Using the service from inside the cluster with CLUSTER-IP works. When I apply my config with kubectl the following happens:

  • Service is created in K8s
  • NLB is created in AWS
  • NLB gets Status 'active'
  • VPC and other values for the NLB look correct
  • Target Group is created in AWS
  • There are 0 targets registered
  • I can't register targets because group expects instances, which I do not have
  • EXTERNAL_IP is
  • Listener is not created automatically

Then I create a listener for Port 80 and TCP. After some wait an EXTERNAL_IP is assigned to the service in AWS.

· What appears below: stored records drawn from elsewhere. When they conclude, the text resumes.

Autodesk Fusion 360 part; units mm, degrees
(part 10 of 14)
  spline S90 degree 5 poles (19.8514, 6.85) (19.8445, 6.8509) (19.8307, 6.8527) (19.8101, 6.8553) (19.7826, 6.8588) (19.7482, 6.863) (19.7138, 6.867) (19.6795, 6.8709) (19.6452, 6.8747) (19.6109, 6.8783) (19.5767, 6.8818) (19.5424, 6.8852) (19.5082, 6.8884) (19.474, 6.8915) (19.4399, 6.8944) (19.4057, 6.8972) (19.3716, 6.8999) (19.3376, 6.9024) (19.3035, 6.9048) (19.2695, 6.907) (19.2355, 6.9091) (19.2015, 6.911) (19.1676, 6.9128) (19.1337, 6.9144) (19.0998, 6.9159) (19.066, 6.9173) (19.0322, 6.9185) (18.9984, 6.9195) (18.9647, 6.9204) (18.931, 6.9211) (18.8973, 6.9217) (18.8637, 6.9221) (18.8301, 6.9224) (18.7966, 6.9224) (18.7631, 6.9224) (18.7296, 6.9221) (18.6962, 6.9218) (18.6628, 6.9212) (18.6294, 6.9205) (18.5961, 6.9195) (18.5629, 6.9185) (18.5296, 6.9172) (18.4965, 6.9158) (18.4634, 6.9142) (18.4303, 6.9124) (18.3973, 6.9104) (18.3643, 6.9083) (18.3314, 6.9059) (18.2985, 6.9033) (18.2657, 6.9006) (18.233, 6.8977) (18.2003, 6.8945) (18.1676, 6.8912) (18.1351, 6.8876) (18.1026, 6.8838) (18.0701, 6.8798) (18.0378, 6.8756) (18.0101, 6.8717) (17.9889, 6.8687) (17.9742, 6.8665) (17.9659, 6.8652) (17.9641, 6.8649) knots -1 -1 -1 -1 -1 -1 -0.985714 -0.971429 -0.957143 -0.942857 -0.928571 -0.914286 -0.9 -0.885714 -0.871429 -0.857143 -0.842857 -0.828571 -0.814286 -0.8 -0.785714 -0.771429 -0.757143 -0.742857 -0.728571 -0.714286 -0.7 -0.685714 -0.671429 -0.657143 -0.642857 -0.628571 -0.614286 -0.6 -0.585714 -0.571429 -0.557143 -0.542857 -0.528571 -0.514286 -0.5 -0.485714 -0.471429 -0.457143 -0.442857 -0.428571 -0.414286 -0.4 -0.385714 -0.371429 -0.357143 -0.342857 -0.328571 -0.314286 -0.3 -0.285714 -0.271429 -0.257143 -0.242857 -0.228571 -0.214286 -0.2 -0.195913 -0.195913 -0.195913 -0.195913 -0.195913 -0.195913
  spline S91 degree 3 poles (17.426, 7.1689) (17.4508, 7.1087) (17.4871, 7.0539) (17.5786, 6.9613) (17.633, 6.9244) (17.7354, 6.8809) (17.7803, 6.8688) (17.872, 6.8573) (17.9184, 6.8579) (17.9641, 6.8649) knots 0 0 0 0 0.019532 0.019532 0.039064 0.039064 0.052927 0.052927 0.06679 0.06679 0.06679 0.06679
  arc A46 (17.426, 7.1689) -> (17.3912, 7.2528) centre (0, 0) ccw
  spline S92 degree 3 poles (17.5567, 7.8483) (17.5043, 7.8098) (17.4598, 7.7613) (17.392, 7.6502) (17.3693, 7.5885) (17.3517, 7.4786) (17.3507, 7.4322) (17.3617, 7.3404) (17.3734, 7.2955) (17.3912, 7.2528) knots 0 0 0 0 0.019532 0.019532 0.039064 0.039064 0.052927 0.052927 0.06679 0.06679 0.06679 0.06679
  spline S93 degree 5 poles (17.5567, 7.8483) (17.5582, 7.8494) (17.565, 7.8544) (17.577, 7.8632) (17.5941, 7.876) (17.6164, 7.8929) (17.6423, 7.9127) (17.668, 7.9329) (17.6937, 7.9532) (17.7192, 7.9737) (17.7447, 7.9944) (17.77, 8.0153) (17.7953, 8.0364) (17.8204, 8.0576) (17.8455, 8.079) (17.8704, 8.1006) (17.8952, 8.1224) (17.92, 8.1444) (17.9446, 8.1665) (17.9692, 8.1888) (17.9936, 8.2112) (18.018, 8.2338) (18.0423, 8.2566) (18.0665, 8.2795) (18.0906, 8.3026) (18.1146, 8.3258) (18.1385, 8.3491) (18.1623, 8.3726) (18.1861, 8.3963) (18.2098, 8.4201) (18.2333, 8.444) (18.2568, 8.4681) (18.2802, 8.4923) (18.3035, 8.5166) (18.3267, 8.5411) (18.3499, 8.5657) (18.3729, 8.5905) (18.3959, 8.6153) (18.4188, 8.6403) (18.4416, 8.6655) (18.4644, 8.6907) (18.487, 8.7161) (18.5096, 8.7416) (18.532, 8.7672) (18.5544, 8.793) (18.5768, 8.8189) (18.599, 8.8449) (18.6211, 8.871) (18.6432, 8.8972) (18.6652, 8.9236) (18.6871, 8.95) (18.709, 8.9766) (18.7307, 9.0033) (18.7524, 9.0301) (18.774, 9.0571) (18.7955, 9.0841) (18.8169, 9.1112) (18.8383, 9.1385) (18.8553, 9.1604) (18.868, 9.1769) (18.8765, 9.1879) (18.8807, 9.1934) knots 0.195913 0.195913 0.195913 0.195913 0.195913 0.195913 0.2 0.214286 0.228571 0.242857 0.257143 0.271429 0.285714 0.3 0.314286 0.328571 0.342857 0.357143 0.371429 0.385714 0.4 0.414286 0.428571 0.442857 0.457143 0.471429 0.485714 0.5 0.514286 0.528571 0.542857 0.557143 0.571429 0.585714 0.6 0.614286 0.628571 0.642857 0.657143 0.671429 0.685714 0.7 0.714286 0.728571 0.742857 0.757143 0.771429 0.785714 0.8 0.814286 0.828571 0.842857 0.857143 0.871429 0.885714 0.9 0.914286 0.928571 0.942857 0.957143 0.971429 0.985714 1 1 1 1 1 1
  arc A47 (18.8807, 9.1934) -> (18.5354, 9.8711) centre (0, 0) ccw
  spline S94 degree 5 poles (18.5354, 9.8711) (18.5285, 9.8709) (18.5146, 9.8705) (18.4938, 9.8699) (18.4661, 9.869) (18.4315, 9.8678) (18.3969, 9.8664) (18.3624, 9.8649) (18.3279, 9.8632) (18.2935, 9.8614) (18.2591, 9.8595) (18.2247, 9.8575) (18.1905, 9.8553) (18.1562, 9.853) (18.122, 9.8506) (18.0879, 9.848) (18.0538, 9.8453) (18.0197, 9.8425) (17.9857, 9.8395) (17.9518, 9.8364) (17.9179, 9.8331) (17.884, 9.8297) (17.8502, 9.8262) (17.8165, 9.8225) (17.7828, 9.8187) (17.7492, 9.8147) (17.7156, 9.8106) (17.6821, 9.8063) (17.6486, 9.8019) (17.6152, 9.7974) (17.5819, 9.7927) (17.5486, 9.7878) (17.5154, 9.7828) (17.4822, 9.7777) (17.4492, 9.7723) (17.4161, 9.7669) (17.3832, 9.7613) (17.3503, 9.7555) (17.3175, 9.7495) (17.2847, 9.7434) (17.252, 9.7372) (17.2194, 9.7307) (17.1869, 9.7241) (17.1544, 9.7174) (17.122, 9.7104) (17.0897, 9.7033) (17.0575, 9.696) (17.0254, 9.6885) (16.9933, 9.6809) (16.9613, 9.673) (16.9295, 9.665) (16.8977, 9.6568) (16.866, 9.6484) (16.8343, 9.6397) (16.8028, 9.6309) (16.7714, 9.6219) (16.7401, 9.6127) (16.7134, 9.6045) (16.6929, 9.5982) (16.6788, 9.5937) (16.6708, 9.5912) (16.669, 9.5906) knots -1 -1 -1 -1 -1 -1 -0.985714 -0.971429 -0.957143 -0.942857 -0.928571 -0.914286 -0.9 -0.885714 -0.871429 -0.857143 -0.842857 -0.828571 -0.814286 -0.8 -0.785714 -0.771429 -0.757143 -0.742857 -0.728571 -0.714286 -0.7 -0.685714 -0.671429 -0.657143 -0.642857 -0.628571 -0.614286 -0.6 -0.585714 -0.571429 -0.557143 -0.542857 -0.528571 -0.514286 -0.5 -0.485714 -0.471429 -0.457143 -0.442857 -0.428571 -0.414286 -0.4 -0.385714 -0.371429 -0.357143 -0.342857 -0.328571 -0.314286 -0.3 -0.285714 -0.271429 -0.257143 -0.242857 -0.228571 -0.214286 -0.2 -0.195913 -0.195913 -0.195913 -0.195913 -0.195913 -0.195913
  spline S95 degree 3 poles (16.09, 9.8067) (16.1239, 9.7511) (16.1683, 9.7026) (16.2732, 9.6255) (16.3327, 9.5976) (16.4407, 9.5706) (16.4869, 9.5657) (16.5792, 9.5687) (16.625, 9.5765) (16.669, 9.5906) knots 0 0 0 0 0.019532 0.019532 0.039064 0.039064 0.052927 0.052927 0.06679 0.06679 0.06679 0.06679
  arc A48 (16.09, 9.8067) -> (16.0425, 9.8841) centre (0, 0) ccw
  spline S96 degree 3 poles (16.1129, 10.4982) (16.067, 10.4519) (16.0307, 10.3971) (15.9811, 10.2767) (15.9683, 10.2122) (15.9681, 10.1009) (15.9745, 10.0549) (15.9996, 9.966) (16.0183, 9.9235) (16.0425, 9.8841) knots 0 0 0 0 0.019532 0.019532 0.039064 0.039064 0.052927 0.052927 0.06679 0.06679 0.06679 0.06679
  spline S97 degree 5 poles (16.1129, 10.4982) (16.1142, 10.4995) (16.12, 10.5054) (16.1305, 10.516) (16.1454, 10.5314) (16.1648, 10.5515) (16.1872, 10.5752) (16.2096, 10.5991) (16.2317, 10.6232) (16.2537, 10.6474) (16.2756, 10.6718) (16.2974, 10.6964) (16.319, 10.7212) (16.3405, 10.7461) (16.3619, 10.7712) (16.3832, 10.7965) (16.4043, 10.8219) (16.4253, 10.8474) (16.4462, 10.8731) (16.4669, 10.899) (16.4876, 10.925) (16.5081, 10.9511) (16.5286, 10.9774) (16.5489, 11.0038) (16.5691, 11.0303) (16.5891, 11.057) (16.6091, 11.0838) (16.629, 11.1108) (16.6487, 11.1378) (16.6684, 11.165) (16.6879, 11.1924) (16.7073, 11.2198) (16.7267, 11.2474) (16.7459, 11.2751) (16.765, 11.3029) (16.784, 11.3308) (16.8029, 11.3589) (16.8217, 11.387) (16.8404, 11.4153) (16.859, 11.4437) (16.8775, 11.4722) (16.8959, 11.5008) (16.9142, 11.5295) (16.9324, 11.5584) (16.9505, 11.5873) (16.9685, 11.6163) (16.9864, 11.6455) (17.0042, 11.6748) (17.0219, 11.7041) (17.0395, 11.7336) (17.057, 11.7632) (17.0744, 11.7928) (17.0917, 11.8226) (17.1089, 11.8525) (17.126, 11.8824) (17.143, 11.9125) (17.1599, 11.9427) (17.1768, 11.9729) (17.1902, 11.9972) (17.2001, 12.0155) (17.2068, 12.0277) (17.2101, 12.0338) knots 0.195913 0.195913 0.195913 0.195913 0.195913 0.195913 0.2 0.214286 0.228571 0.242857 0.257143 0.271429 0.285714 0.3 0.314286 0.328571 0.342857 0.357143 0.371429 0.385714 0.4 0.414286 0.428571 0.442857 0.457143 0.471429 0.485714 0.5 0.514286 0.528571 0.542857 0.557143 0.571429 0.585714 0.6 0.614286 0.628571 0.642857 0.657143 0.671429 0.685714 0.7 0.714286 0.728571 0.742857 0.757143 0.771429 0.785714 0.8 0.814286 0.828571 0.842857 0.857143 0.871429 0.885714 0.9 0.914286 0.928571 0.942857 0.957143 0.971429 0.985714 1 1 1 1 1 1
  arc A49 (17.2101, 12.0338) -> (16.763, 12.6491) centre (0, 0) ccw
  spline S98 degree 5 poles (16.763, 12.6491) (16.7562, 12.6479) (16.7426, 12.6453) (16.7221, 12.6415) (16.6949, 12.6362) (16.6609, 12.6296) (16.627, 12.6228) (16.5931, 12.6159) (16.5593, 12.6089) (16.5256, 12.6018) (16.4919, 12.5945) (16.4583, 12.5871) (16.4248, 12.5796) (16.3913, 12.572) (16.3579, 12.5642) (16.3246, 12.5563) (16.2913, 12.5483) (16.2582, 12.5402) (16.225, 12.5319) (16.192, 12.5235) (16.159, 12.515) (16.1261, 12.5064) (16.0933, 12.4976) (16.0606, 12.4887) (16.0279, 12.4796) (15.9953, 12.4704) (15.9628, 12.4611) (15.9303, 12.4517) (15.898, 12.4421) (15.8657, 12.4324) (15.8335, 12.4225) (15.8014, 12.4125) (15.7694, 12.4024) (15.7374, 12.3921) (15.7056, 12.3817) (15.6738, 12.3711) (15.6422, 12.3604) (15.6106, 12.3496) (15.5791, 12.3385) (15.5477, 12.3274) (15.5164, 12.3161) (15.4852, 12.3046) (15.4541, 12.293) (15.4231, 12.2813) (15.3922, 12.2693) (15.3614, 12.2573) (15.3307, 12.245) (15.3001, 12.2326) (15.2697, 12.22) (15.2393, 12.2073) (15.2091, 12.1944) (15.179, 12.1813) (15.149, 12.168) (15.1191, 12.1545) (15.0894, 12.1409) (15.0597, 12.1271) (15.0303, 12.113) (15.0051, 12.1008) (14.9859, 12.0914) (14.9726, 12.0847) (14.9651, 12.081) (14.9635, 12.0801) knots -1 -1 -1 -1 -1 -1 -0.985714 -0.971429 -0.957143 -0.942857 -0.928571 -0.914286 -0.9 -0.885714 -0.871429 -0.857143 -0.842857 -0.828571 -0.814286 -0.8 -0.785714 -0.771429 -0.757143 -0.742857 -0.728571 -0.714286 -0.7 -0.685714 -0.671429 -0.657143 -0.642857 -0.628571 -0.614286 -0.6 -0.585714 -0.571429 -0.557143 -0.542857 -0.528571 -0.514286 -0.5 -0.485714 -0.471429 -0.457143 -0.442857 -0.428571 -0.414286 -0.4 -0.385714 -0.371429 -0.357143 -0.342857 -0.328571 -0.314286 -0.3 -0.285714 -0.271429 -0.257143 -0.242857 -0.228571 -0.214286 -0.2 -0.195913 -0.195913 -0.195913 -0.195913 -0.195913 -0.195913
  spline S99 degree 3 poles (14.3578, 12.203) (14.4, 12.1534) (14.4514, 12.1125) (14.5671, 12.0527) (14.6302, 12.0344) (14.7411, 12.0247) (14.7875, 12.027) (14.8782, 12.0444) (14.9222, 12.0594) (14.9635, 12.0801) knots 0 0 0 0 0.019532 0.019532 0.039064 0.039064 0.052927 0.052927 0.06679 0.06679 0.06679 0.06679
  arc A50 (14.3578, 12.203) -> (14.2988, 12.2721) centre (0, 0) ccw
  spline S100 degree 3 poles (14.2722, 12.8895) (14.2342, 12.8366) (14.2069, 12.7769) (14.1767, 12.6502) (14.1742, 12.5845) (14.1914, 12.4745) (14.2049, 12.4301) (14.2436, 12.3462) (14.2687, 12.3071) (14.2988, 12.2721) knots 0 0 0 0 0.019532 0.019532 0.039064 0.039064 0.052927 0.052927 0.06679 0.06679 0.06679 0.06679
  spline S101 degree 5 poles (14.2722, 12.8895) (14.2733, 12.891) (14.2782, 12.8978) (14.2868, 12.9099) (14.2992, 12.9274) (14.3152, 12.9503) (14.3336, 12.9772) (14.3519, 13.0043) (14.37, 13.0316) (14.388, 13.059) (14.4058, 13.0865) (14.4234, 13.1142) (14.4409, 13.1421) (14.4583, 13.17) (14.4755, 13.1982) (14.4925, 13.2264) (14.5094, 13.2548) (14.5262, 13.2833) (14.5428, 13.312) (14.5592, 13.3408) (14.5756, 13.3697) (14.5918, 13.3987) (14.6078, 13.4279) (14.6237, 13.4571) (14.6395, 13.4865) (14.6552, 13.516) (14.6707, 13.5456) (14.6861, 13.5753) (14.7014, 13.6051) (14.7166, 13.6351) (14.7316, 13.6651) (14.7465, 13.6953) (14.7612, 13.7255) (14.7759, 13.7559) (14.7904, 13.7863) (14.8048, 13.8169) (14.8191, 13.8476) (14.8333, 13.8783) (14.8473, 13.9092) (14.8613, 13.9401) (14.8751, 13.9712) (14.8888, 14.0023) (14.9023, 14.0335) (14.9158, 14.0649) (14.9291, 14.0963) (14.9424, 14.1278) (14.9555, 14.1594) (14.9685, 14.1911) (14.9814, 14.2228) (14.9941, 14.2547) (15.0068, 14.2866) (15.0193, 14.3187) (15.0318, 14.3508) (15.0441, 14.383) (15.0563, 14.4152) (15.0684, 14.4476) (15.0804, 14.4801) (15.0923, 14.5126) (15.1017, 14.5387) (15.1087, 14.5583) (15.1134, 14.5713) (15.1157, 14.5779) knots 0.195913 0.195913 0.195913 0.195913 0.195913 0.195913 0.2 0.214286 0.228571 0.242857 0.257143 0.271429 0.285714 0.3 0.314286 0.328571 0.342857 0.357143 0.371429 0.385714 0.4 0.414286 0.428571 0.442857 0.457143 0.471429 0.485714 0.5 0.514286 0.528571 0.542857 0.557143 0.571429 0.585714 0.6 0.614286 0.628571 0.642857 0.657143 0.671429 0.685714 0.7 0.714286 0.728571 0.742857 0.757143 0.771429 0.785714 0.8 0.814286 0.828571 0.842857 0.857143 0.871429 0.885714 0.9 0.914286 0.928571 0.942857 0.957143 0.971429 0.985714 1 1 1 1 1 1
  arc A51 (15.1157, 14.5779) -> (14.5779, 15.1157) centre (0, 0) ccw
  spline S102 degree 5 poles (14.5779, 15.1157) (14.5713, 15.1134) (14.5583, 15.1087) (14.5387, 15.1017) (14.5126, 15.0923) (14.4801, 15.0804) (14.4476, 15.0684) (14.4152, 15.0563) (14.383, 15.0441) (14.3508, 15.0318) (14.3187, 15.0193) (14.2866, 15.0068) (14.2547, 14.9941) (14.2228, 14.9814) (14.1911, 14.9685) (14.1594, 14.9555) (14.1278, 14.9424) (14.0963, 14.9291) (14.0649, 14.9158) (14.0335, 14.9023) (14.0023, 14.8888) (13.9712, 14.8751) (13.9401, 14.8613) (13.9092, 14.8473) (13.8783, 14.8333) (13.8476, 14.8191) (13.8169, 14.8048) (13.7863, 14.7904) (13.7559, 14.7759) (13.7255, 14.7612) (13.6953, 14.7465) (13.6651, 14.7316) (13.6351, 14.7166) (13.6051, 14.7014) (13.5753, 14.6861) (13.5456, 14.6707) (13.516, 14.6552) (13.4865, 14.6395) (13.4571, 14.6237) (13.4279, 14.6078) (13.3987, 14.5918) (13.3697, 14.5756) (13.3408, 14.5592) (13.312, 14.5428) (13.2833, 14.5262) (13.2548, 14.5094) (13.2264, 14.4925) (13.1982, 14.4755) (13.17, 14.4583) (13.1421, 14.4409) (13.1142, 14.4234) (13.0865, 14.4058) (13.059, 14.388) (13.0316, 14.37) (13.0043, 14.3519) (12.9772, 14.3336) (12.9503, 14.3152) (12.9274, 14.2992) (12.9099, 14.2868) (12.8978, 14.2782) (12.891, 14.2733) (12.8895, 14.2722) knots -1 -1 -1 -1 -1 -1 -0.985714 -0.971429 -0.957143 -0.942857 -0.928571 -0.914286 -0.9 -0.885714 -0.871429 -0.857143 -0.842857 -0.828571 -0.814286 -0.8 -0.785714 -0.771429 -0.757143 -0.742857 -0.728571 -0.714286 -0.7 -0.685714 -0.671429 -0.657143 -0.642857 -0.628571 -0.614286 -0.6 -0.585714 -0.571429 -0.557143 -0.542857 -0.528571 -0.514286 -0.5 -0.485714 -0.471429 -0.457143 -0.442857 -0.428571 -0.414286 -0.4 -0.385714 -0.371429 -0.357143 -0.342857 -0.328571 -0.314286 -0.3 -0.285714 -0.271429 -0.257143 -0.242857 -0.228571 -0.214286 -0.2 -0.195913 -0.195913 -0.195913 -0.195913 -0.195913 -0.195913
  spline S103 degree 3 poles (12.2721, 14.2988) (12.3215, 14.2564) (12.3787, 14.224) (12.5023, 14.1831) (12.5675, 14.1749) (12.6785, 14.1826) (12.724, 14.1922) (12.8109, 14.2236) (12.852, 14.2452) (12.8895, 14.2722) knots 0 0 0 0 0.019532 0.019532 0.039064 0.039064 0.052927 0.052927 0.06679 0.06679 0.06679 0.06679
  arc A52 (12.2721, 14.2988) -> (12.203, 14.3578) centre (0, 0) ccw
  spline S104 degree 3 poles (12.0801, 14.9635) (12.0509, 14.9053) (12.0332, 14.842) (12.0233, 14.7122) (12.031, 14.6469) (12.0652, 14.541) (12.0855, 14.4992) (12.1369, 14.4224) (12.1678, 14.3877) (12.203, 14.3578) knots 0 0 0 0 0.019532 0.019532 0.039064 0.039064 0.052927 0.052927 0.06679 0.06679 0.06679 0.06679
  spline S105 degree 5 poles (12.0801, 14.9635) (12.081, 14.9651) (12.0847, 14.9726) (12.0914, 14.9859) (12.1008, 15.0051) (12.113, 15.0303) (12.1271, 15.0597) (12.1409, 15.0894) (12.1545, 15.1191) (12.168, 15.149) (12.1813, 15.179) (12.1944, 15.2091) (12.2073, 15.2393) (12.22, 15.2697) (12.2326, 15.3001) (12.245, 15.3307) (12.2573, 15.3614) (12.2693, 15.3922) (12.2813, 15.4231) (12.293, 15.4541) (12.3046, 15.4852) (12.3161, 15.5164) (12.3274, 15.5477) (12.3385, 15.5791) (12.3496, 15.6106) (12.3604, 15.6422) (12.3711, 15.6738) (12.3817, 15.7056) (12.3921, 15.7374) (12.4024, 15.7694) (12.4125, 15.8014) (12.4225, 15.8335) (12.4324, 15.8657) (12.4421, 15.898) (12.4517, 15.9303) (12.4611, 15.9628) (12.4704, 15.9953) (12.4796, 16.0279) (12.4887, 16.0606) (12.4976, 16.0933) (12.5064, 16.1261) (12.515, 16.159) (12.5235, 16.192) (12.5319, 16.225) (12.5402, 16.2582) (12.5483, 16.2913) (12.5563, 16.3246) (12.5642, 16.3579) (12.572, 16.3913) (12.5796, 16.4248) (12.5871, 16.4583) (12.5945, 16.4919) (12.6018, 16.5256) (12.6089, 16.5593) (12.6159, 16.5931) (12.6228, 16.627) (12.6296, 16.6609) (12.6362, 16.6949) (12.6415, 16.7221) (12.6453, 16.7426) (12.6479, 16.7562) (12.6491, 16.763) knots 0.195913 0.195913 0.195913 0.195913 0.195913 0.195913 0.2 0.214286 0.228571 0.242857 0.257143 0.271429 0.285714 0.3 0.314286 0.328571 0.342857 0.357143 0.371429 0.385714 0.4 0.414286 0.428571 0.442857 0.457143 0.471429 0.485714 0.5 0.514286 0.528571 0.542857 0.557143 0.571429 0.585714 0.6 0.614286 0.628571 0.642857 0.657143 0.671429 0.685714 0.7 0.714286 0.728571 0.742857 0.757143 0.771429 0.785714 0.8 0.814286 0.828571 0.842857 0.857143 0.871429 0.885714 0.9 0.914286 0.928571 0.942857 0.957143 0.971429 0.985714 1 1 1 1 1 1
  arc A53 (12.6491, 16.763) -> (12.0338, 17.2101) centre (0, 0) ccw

My Problem: It does not work. The service is not available using the DNS Name from the NLB and Port 80.

1
amazon-web-serviceskubernetesamazon-eksaws-fargate

1 Answers

3
votes

The in-tree Kubernetes Service LoadBalancer for AWS, can not be used for AWS Fargate.

You can use NLB instance targets with pods deployed to nodes, but not to Fargate.

But you can now install AWS Load Balancer Controller and use IP Mode on your Service LoadBalancer, this also works for AWS Fargate.

kind: Service
apiVersion: v1
metadata:
  name: nlb-ip-svc
  annotations:
    # route traffic directly to pod IPs
    service.beta.kubernetes.io/aws-load-balancer-type: "nlb-ip"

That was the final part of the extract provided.